The Gulf Coast Express Pipeline Project (GCX), designed to carry 1.92 Bcf/d from the Permian Basin to the Texas Gulf Coast, on Thursday added Targa Resources Corp. as a third partner.

Kinder Morgan Inc. (KMI), DCP Midstream LP and Targa affiliates said late Wednesday they are nearing an agreement to build GCX. Negotiations are underway to finalize definitive agreements with Kinder Morgan Texas Pipeline LLC (KMTP) and the partners.

Targa and DCP Midstream tentatively agreed to commit gas volumes to the project, including volumes provided by Pioneer Natural Resources Co., a joint owner in Targa’s WestTX Permian Basin gas system and one of the largest producers in the Permian.

“With DCP Midstream and Targa, we now have two of the premier gathering and processing supply aggregators in the Permian Basin on board, as well as one of the basin’s largest producers with Pioneer,” said Kinder Morgan Natural Gas Midstream President Duane Kokinda. “The commitments of these parties confirm our premise that combining supply source optionality in the basin with unparalleled market access on the Agua Dulce end provides an attractive takeaway solution for the parties developing natural resources in the Permian Basin.”

GCX initially was launched in March, as demand pull from exportsto Mexico and from liquefied natural gas terminals on the Gulf Coast bolstered KMI’s outlook for expanding its gas transportation business.

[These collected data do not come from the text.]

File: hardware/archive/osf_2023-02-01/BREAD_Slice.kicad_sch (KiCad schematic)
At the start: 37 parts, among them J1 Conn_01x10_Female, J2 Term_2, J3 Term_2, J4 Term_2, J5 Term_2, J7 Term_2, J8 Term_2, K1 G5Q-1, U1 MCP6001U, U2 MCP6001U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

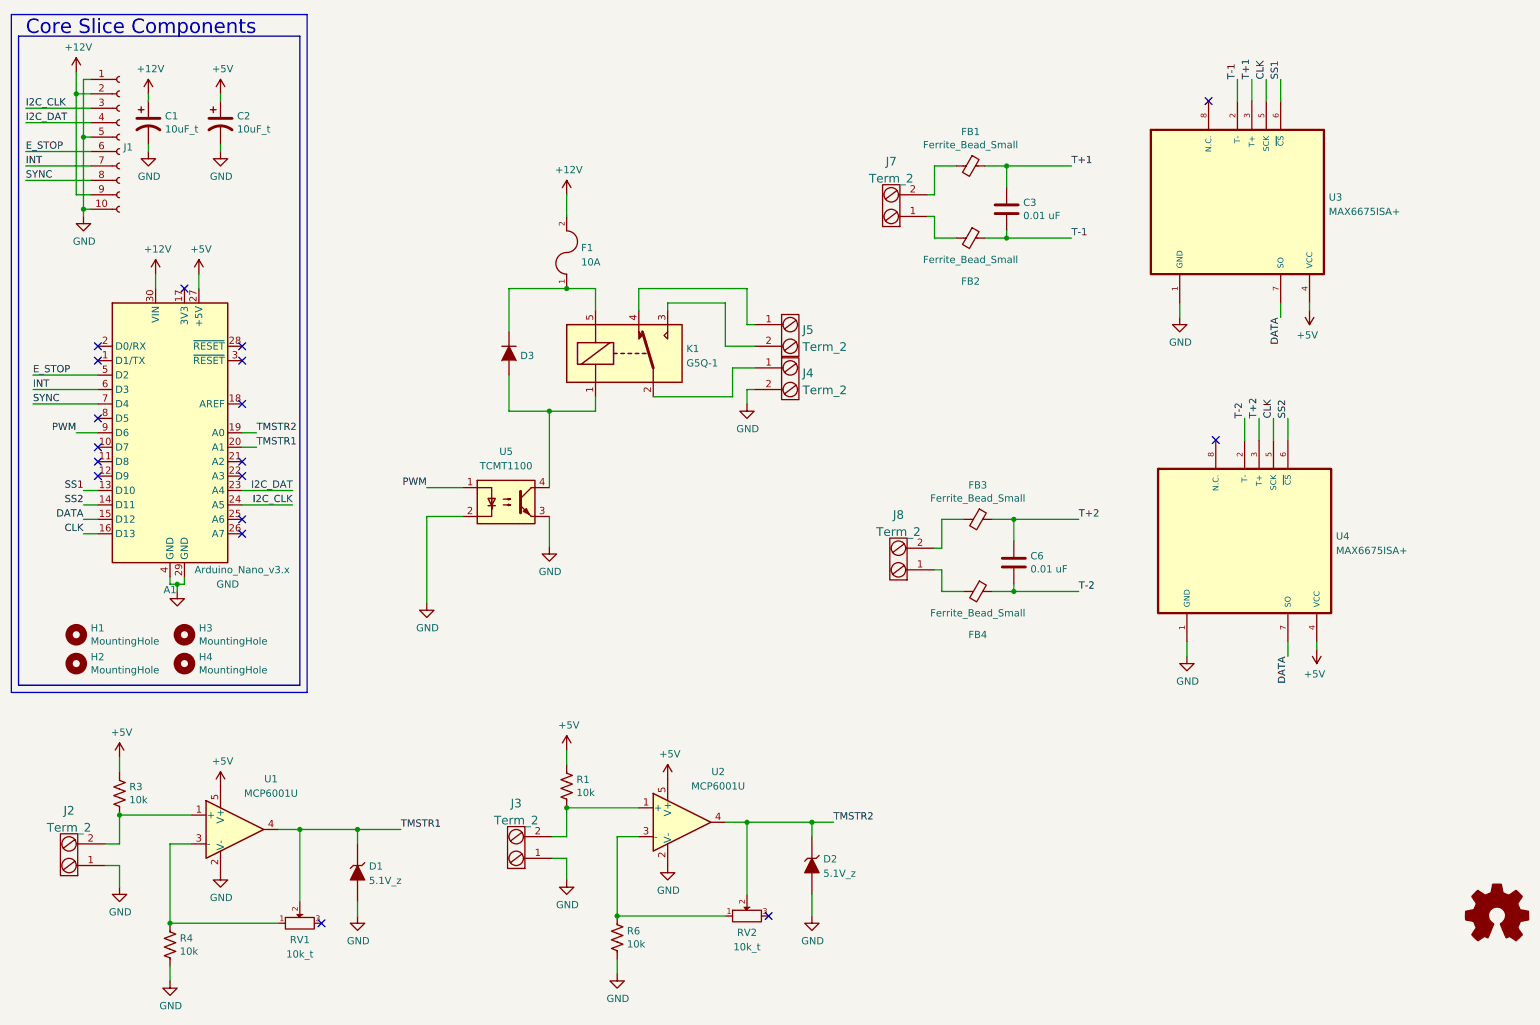
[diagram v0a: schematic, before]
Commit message: added historical scripts and new revisions
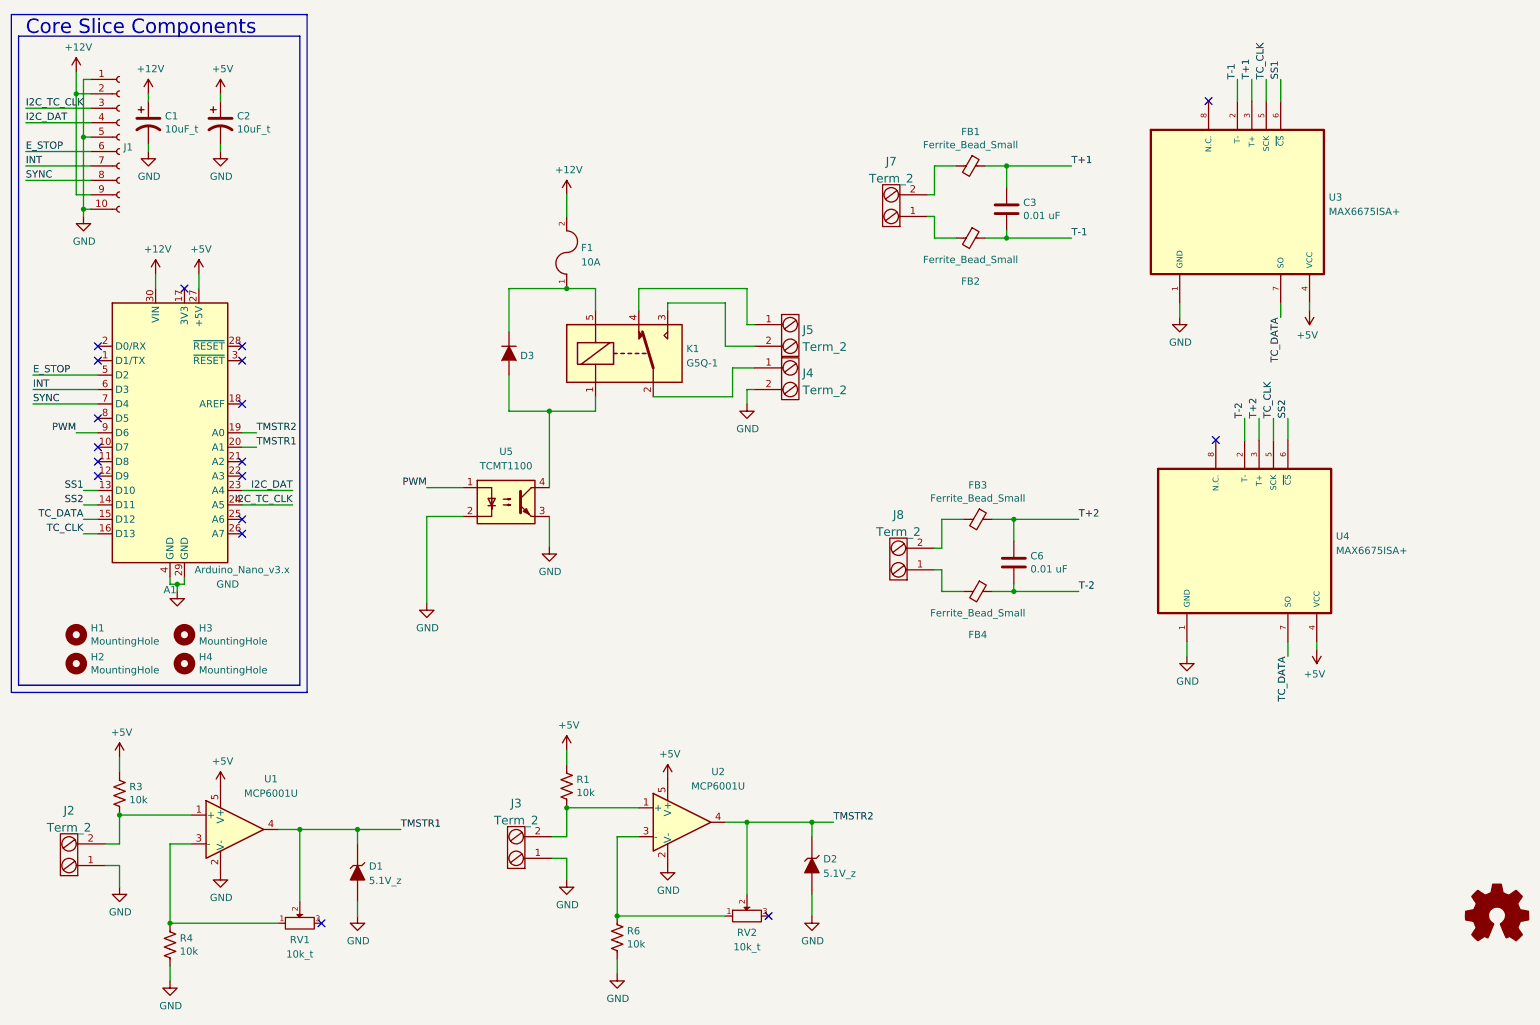
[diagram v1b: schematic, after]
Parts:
- A1: TC_DATAsheet (none) -> http://www.mouser.com/pdfdocs/Gravitech_Arduino_Nano3_0.pdf
- C1, C2: TC_DATAsheet (none) -> https://www.digikey.com/short/qcd8n7
- D1, D2: TC_DATAsheet (none) -> https://www.digikey.com/short/q75wjm
- D3: TC_DATAsheet (none) -> https://www.digikey.com/short/q75wqm
- F1: TC_DATAsheet (none) -> https://www.digikey.com/short/q7wbwz
- J2, J3, J4, J5, J7, J8: TC_DATAsheet (none) -> https://www.digikey.com/short/q7wbhd
- K1: TC_DATAsheet (none) -> https://www.omron.com/ecb/products/pdf/en-g5q.pdf
- RV1, RV2: TC_DATAsheet (none) -> https://www.digikey.com/short/qt5j3q
- U1, U2: TC_DATAsheet (none) -> http://ww1.microchip.com/downloads/en/DeviceDoc/21733j.pdf
- U5: TC_DATAsheet (none) -> http://www.vishay.com/docs/83510/tcmt1100.pdf
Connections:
- net CLK renamed TC_CLK
- net DATA renamed TC_DATA
- net I2C_CLK renamed I2C_TC_CLK

As Permian gas production surges to levels that could essentially tap out the physical capabilities of existing infrastructure in and around the supply region by 2019, the horse race is on for companies to build pipelines that could connect supply to new demand markets not too far from home.

Gas production in the Permian, currently around 6.6 Bcf/d, is expected to grow to between 9 Bcf/d and 10 Bcf/d by the end of 2019 as associated gas growth surges, thanks to rapid oil drilling in the basin.

As envisioned, the 1.92 Bcf/d GCX system would have a lateral to the Midland sub-basin in West Texas with about 50 miles of 36-inch diameter pipeline and associated compression.

The gasline is to serve processing plants owned by Targa and facilities it jointly owns with Pioneer. The Dallas-based independent has a 27% interest in Targa’s WestTX gas processing system and a 30% stake in the West Texas Gas South Sales Ranch system.

In-service is set for the second half of 2019, pending a final investment decision by the partners and anticipated shipper agreements.

Under the letter of intent, KMI would build, operate and own a half-stake in the GCX, while DCP and Targa each would hold a 25% equity interest.

“We are excited to have the opportunity to expand our portfolio of integrated assets and customer offerings in the Permian which would complement our Sand Hills expansions,” said DCP CEO Wouter van Kempen. “This is a strong collaboration of players that draws upon our combined capabilities to provide a competitive and capital efficient solution to the industry.”

Targa CEO Joe Bob Perkins said that given the significance of the company’s Permian footprint, GCX would provide customers more flexibility and access to additional markets.

Gas supply is expected to be sourced from multiple locations, including existing receipt points along KMTP and El Paso Natural Gas pipeline systems in the Permian, a proposed interconnection with the Trans-Pecos Pipeline and interconnections to intrastate and interstate pipeline systems in the Waha area.

Deliveries of gas into the Agua Dulce area near Corpus Christi are to include points into KMTP’s existing Gulf Coast network, KMI-owned intrastate affiliates KM Tejas and KM Border pipelines, the Valley Crossing pipeline, the NET Mexico header and other intrastate and interstate systems.